I completely agree with Harris about the current conditions. But I can also see different ways of building up wood based businesses, plus I think a “locally grown” label for California forest products might be worth exploring. Californians are very sensitive about environmental issues, so I would think that appropriately grown local products, if labelled, might have a greater advantage if publicized in the marketplace.

This reminds me of discussions with my major professor at Berkeley, Dr. Bill Libby who was quoted saying

“We Californians are really not very good conservationists – we’re very good preservationists,” Bill Libby, a professor emeritus of forestry at the University of California, told me. “Conservation means you use resources well and responsibly. Preservation means you are rich enough to set aside the things you want and buy them from someone else.”

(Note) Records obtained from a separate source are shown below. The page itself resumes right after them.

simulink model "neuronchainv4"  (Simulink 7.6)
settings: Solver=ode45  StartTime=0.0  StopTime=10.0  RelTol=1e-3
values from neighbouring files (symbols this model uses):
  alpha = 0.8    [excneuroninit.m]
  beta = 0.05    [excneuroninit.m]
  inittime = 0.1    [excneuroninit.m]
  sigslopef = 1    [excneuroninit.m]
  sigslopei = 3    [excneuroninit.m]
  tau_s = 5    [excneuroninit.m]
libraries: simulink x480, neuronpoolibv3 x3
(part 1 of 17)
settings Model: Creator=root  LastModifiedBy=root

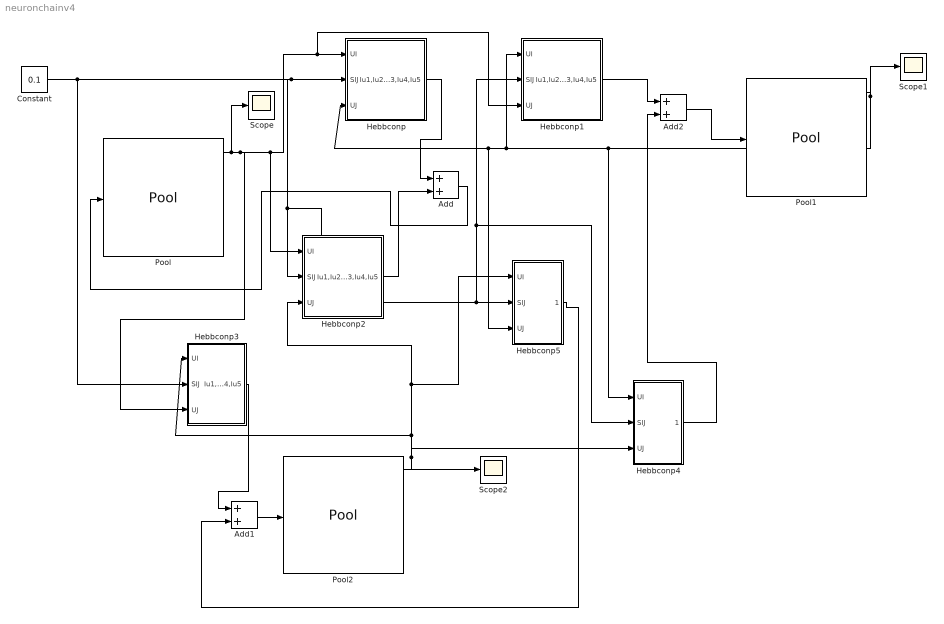
== system neuronchainv4 ==
  Add : Sum
  Add1 : Sum
  Add2 : Sum
  Constant : Constant  Value=0.1
  Hebbconp : Subsystem
  Hebbconp1 : Subsystem
  Hebbconp2 : Subsystem
  Hebbconp3 : Subsystem
  Hebbconp4 : Subsystem
  Hebbconp5 : Subsystem
  Pool : neuronpoolibv3/Pool  SystemSampleTime=-1
  Pool1 : neuronpoolibv3/Pool  SystemSampleTime=-1
  Pool2 : neuronpoolibv3/Pool  SystemSampleTime=-1
  Scope : Scope
  Scope1 : Scope
  Scope2 : Scope
      settings: SaveName=ScopeData2
  wires:
  Pool/1 -> Hebbconp/1(UI), Hebbconp1/3(UJ), Hebbconp2/1(UI), Hebbconp3/3(UJ), Scope/1
  Pool1/1 -> Hebbconp/3(UJ), Hebbconp5/3(UJ), Hebbconp1/1(UI), Hebbconp4/1(UI), Scope1/1
  Pool2/1 -> Hebbconp2/3(UJ), Hebbconp5/1(UI), Hebbconp3/1(UI), Scope2/1, Hebbconp4/3(UJ)
  Hebbconp2/1(Iu1,Iu2,Iu3,Iu4,Iu5) -> Add/2
  Hebbconp/1(Iu1,Iu2,Iu3,Iu4,Iu5) -> Add/1
  Add/1 -> Pool/1
  Hebbconp5/1(Iu1,Iu2,Iu3,Iu4,Iu5) -> Add1/2
  Hebbconp3/1(Iu1,Iu2,Iu3,Iu4,Iu5) -> Add1/1
  Add1/1 -> Pool2/1
  Hebbconp4/1(Iu1,Iu2,Iu3,Iu4,Iu5) -> Add2/2
  Hebbconp1/1(Iu1,Iu2,Iu3,Iu4,Iu5) -> Add2/1
  Add2/1 -> Pool1/1
  Constant/1 -> Hebbconp/2(SIJ), Hebbconp1/2(SIJ), Hebbconp4/2(SIJ), Hebbconp5/2(SIJ), Hebbconp2/2(SIJ), Hebbconp3/2(SIJ)

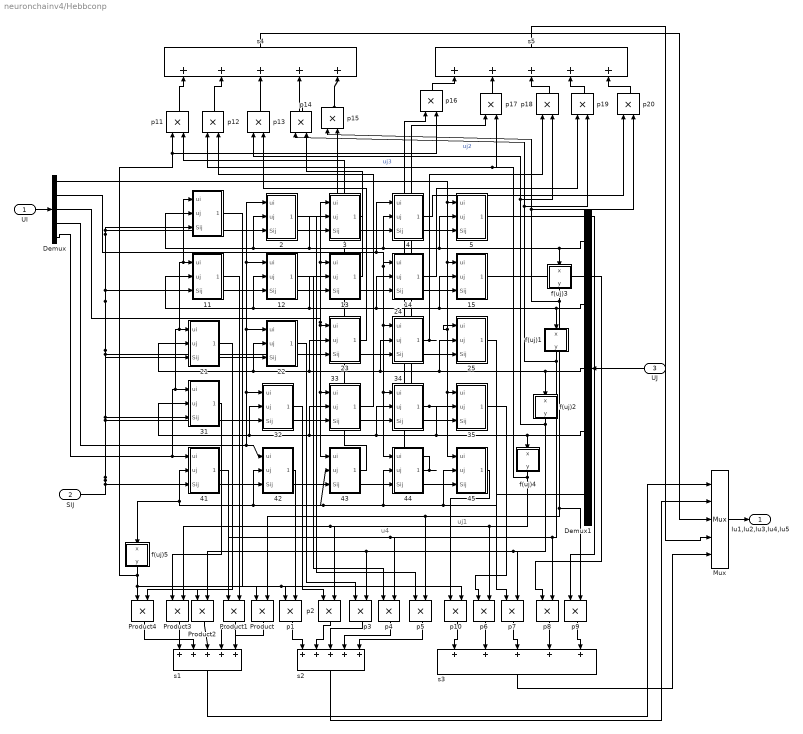
== system neuronchainv4/Hebbconp ==
  note: uj1
  note: u4
  UI : Inport
  SIJ : Inport  Port=2
  UJ : Inport  Port=3
  " " : Subsystem
  " 2" : Subsystem
  11 : Subsystem
  12 : Subsystem
  13 : Subsystem
  14 : Subsystem
  15 : Subsystem
  21 : Subsystem
  22 : Subsystem
  23 : Subsystem
  24 : Subsystem
  25 : Subsystem
  3 : Subsystem
  31 : Subsystem
  32 : Subsystem
  33 : Subsystem
  34 : Subsystem
  35 : Subsystem
  4 : Subsystem
  41 : Subsystem
  42 : Subsystem
  43 : Subsystem
  44 : Subsystem
  45 : Subsystem
  5 : Subsystem
  Demux : Demux  Outputs=5
  Demux1 : Demux  Outputs=5
  Mux : Mux  Inputs=5
  Product{,1..4} (5 alike) : Product  RndMeth=Zero
  f(uj)1 : Subsystem  TreatAsAtomicUnit=on  mask{slope=sigslopef, offset=0.5}
      mask help: Created by Han, Cheol
      mask Display: plot([10 15 20 25 30 35 40 45 50], [0 0.01 0.1 0.2 0.5 0.8 0.9 0.99 1])
  f(uj)2 : Subsystem  TreatAsAtomicUnit=on  mask{slope=sigslopef, offset=0.5}
      mask help: Created by Han, Cheol
      mask Display: plot([10 15 20 25 30 35 40 45 50], [0 0.01 0.1 0.2 0.5 0.8 0.9 0.99 1])
  f(uj)3 : Subsystem  TreatAsAtomicUnit=on  mask{slope=sigslopef, offset=0.5}
      mask help: Created by Han, Cheol
      mask Display: plot([10 15 20 25 30 35 40 45 50], [0 0.01 0.1 0.2 0.5 0.8 0.9 0.99 1])
  f(uj)4 : Subsystem  TreatAsAtomicUnit=on  mask{slope=sigslopef, offset=0.5}
      mask help: Created by Han, Cheol
      mask Display: plot([10 15 20 25 30 35 40 45 50], [0 0.01 0.1 0.2 0.5 0.8 0.9 0.99 1])
  f(uj)5 : Subsystem  TreatAsAtomicUnit=on  mask{slope=sigslopef, offset=0.5}
      mask help: Created by Han, Cheol
      mask Display: plot([10 15 20 25 30 35 40 45 50], [0 0.01 0.1 0.2 0.5 0.8 0.9 0.99 1])
  p{1..20} (20 alike) : Product  RndMeth=Zero
  s{1..5} (5 alike) : Sum  Inputs=+++++
  Iu1,Iu2,Iu3,Iu4,Iu5 : Outport
  wires:
  Demux/1 -> 15/1(ui), 45/1(ui), 35/1(ui), 25/1(ui), 5/1(ui)
  Demux/2 -> 4/1(ui), 44/1(ui), 34/1(ui), 24/1(ui), 14/1(ui)
  Demux/3 -> 43/1(ui), 33/1(ui), 23/1(ui), 13/1(ui), 3/1(ui)
  Demux/4 -> 42/1(ui), 32/1(ui), 22/1(ui), 12/1(ui), " 2"/1(ui)
  Demux/5 -> 41/1(ui), 31/1(ui), 21/1(ui), 11/1(ui), " "/1(ui)
  Demux1/1 -> " "/2(uj), " 2"/2(uj), 3/2(uj), 4/2(uj), 5/2(uj), f(uj)3/1(x)
  Demux1/2 -> 11/2(uj), 12/2(uj), 13/2(uj), 14/2(uj), 15/2(uj), f(uj)1/1(x)
  Demux1/3 -> 25/2(uj), 21/2(uj), 22/2(uj), 23/2(uj), 24/2(uj), f(uj)2/1(x)
  Demux1/4 -> 31/2(uj), 32/2(uj), 33/2(uj), 34/2(uj), 35/2(uj), f(uj)4/1(x)
  Demux1/5 -> 42/2(uj), 41/2(uj), f(uj)5/1(x), 43/2(uj), 44/2(uj), 45/2(uj)
  " "/1(Out1) -> Product/1
  11/1(Out1) -> Product1/2
  41/1(Out1) -> Product4/2
  21/1(Out1) -> Product2/1
  31/1(Out1) -> Product3/1
  f(uj)3/1(y) -> Product/2, p5/2, p9/2, p15/1, p20/2
  f(uj)1/1(y) -> Product1/1, p4/2, p8/2, p14/1, p19/2  "uj2"
  f(uj)2/1(y) -> Product2/2, p3/2, p7/2, p13/1, p18/2  "uj3"
  f(uj)4/1(y) -> Product3/2, p2/2, p6/2, p17/2, p12/1
  " 2"/1(Out1) -> p5/1
  12/1(Out1) -> p4/1
  22/1(Out1) -> p3/1
  32/1(Out1) -> p2/1
  42/1(Out1) -> p1/2
  f(uj)5/1(y) -> Product4/1, p1/1, p10/2, p11/1, p16/2
  5/1(Out1) -> p9/1
  15/1(Out1) -> p8/1
  25/1(Out1) -> p7/1
  35/1(Out1) -> p6/1
  45/1(Out1) -> p10/1
  3/1(Out1) -> p15/2
  13/1(Out1) -> p14/2
  23/1(Out1) -> p13/2
  33/1(Out1) -> p12/2
  43/1(Out1) -> p11/2
  p15/1 -> s4/5
  p11/1 -> s4/1
  p12/1 -> s4/2
  p13/1 -> s4/3
  p14/1 -> s4/4
  UI/1 -> Demux/1
  4/1(Out1) -> p20/1
  SIJ/1 -> 41/3(Sij), 21/3(Sij), 11/3(Sij), " "/3(Sij), " 2"/3(Sij), 3/3(Sij), 4/3(Sij), 5/3(Sij), 13/3(Sij), 14/3(Sij), 15/3(Sij), 12/3(Sij), 22/3(Sij), 23/3(Sij), 24/3(Sij), 25/3(Sij), 31/3(Sij), 33/3(Sij), 34/3(Sij), 35/3(Sij), 32/3(Sij), 42/3(Sij), 43/3(Sij), 44/3(Sij), 45/3(Sij)
  14/1(Out1) -> p19/1
  24/1(Out1) -> p18/1
  UJ/1 -> Demux1/1
  34/1(Out1) -> p17/1
  44/1(Out1) -> p16/1
  Product/1 -> s1/5
  Product1/1 -> s1/4
  Product2/1 -> s1/3
  Product3/1 -> s1/2
  Product4/1 -> s1/1
  p1/1 -> s2/1
  p10/1 -> s3/1
  p2/1 -> s2/2
  p3/1 -> s2/3
  p4/1 -> s2/4
  p5/1 -> s2/5
  p6/1 -> s3/2
  p7/1 -> s3/3
  p8/1 -> s3/4
  p9/1 -> s3/5
  p16/1 -> s5/1
  p17/1 -> s5/2
  p18/1 -> s5/3
  p19/1 -> s5/4
  p20/1 -> s5/5
  s4/1 -> Mux/3
  s1/1 -> Mux/1
  s2/1 -> Mux/2
  s3/1 -> Mux/5
  s5/1 -> Mux/4
  Mux/1 -> Iu1,Iu2,Iu3,Iu4,Iu5/1

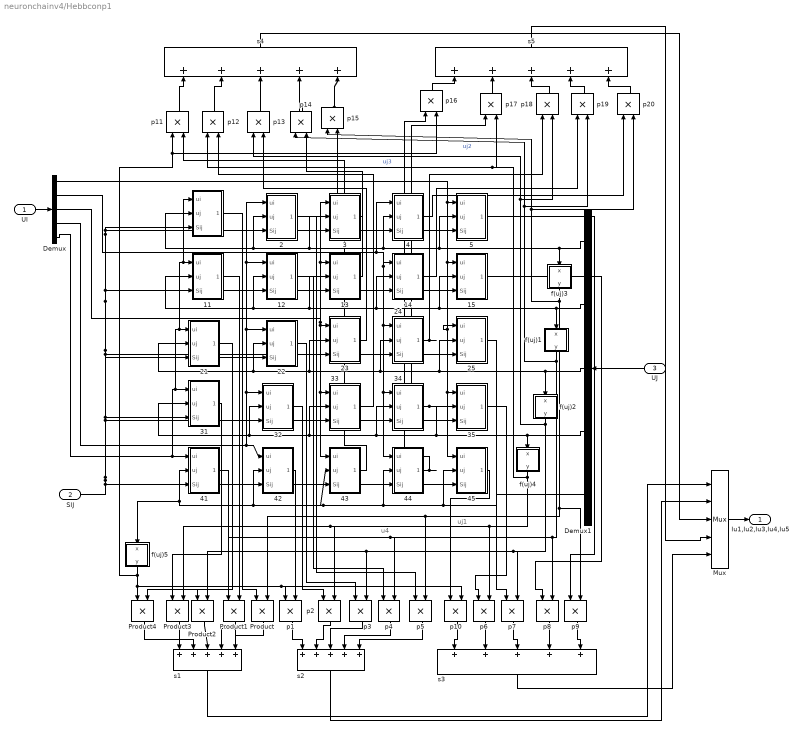
== system neuronchainv4/Hebbconp1 ==
  note: uj1
  note: u4
  UI : Inport
  SIJ : Inport  Port=2
  UJ : Inport  Port=3
  " " : Subsystem
  " 2" : Subsystem
  11 : Subsystem
  12 : Subsystem
  13 : Subsystem
  14 : Subsystem
  15 : Subsystem
  21 : Subsystem
  22 : Subsystem
  23 : Subsystem
  24 : Subsystem
  25 : Subsystem
  3 : Subsystem
  31 : Subsystem
  32 : Subsystem
  33 : Subsystem
  34 : Subsystem
  35 : Subsystem
  4 : Subsystem
  41 : Subsystem
  42 : Subsystem
  43 : Subsystem
  44 : Subsystem
  45 : Subsystem
  5 : Subsystem
  Demux : Demux  Outputs=5
  Demux1 : Demux  Outputs=5
  Mux : Mux  Inputs=5
  Product{,1..4} (5 alike) : Product  RndMeth=Zero
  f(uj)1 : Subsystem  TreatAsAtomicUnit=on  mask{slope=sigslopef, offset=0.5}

I couldn’t find any of his articles on the topic readily, but here is one on the same topic by Tom Knudson of the Sacramento Bee (at the time) a Starker Lecture at Oregon State from 2004 here.
Although Colorado doesn’t benefit from Rural Schools as much (or at all, haven’t looked up the figures), here is some thinking about generating new industry. Thanks to Bob Berwyn for this.

Summit County meeting to focus on regional financing program

By Summit Voice

SUMMIT COUNTY —Even as the pine beetle outbreak slows down in Colorado, state and regional officials are redoubling their efforts to find some use for the vast tracts of dead trees left behind and to jump-start businesses that could help build a sustainable forest product industry in the years to come.

A new fund set up by the Colorado State Forest Service and administered through the Northwest Colorado Council of Governments is offering loans to help businesses that harvest, remove, utilize or market timber from beetle-killed stands and other forested areas in northwest Colorado.

The Forest Business Loan Fund will provide community-based financial lending capital for timber and wood products businesses to expand their capacity to more economically remove and use timber, develop new market opportunities, and help address employment concerns in forest-based communities. This fund is currently limited to businesses in counties serviced by the Northwest Loan Fund.

The loan fund will be the featured topic of discussion at today’s (Feb. 14) Summit County Forest Health Task Force lunch at the Backcountry Brewery in Frisco (12 p.,. – 1:30 p.m.) with Kim Langmaid, of the National Forest Foundation and June Walters, of the Northwest Loan Fund.

Funds will be available on a first-come, first-serve basis. There is no closing date to apply, but applications are encouraged to be submitted by April 30 for timely consideration.


At first glance, this topic also seems more partisanized than it does in Colorado. Maybe partisanization favors getting stuck in positions and not mutual finding a new way forward. That was the case when I worked as a staff person in the House of Representatives in the 90’s. I was the environmental and science and women’s issues staff for a Democratic Member, and the R’s wanted to update and improve (or mess with, depending on your perspective, ESA). We were told we didn’t want to enter discussions with them to find out what their issues were, because we wanted to characterize them as ESA-haters for future elections. Working with the other side only had downsides in that context.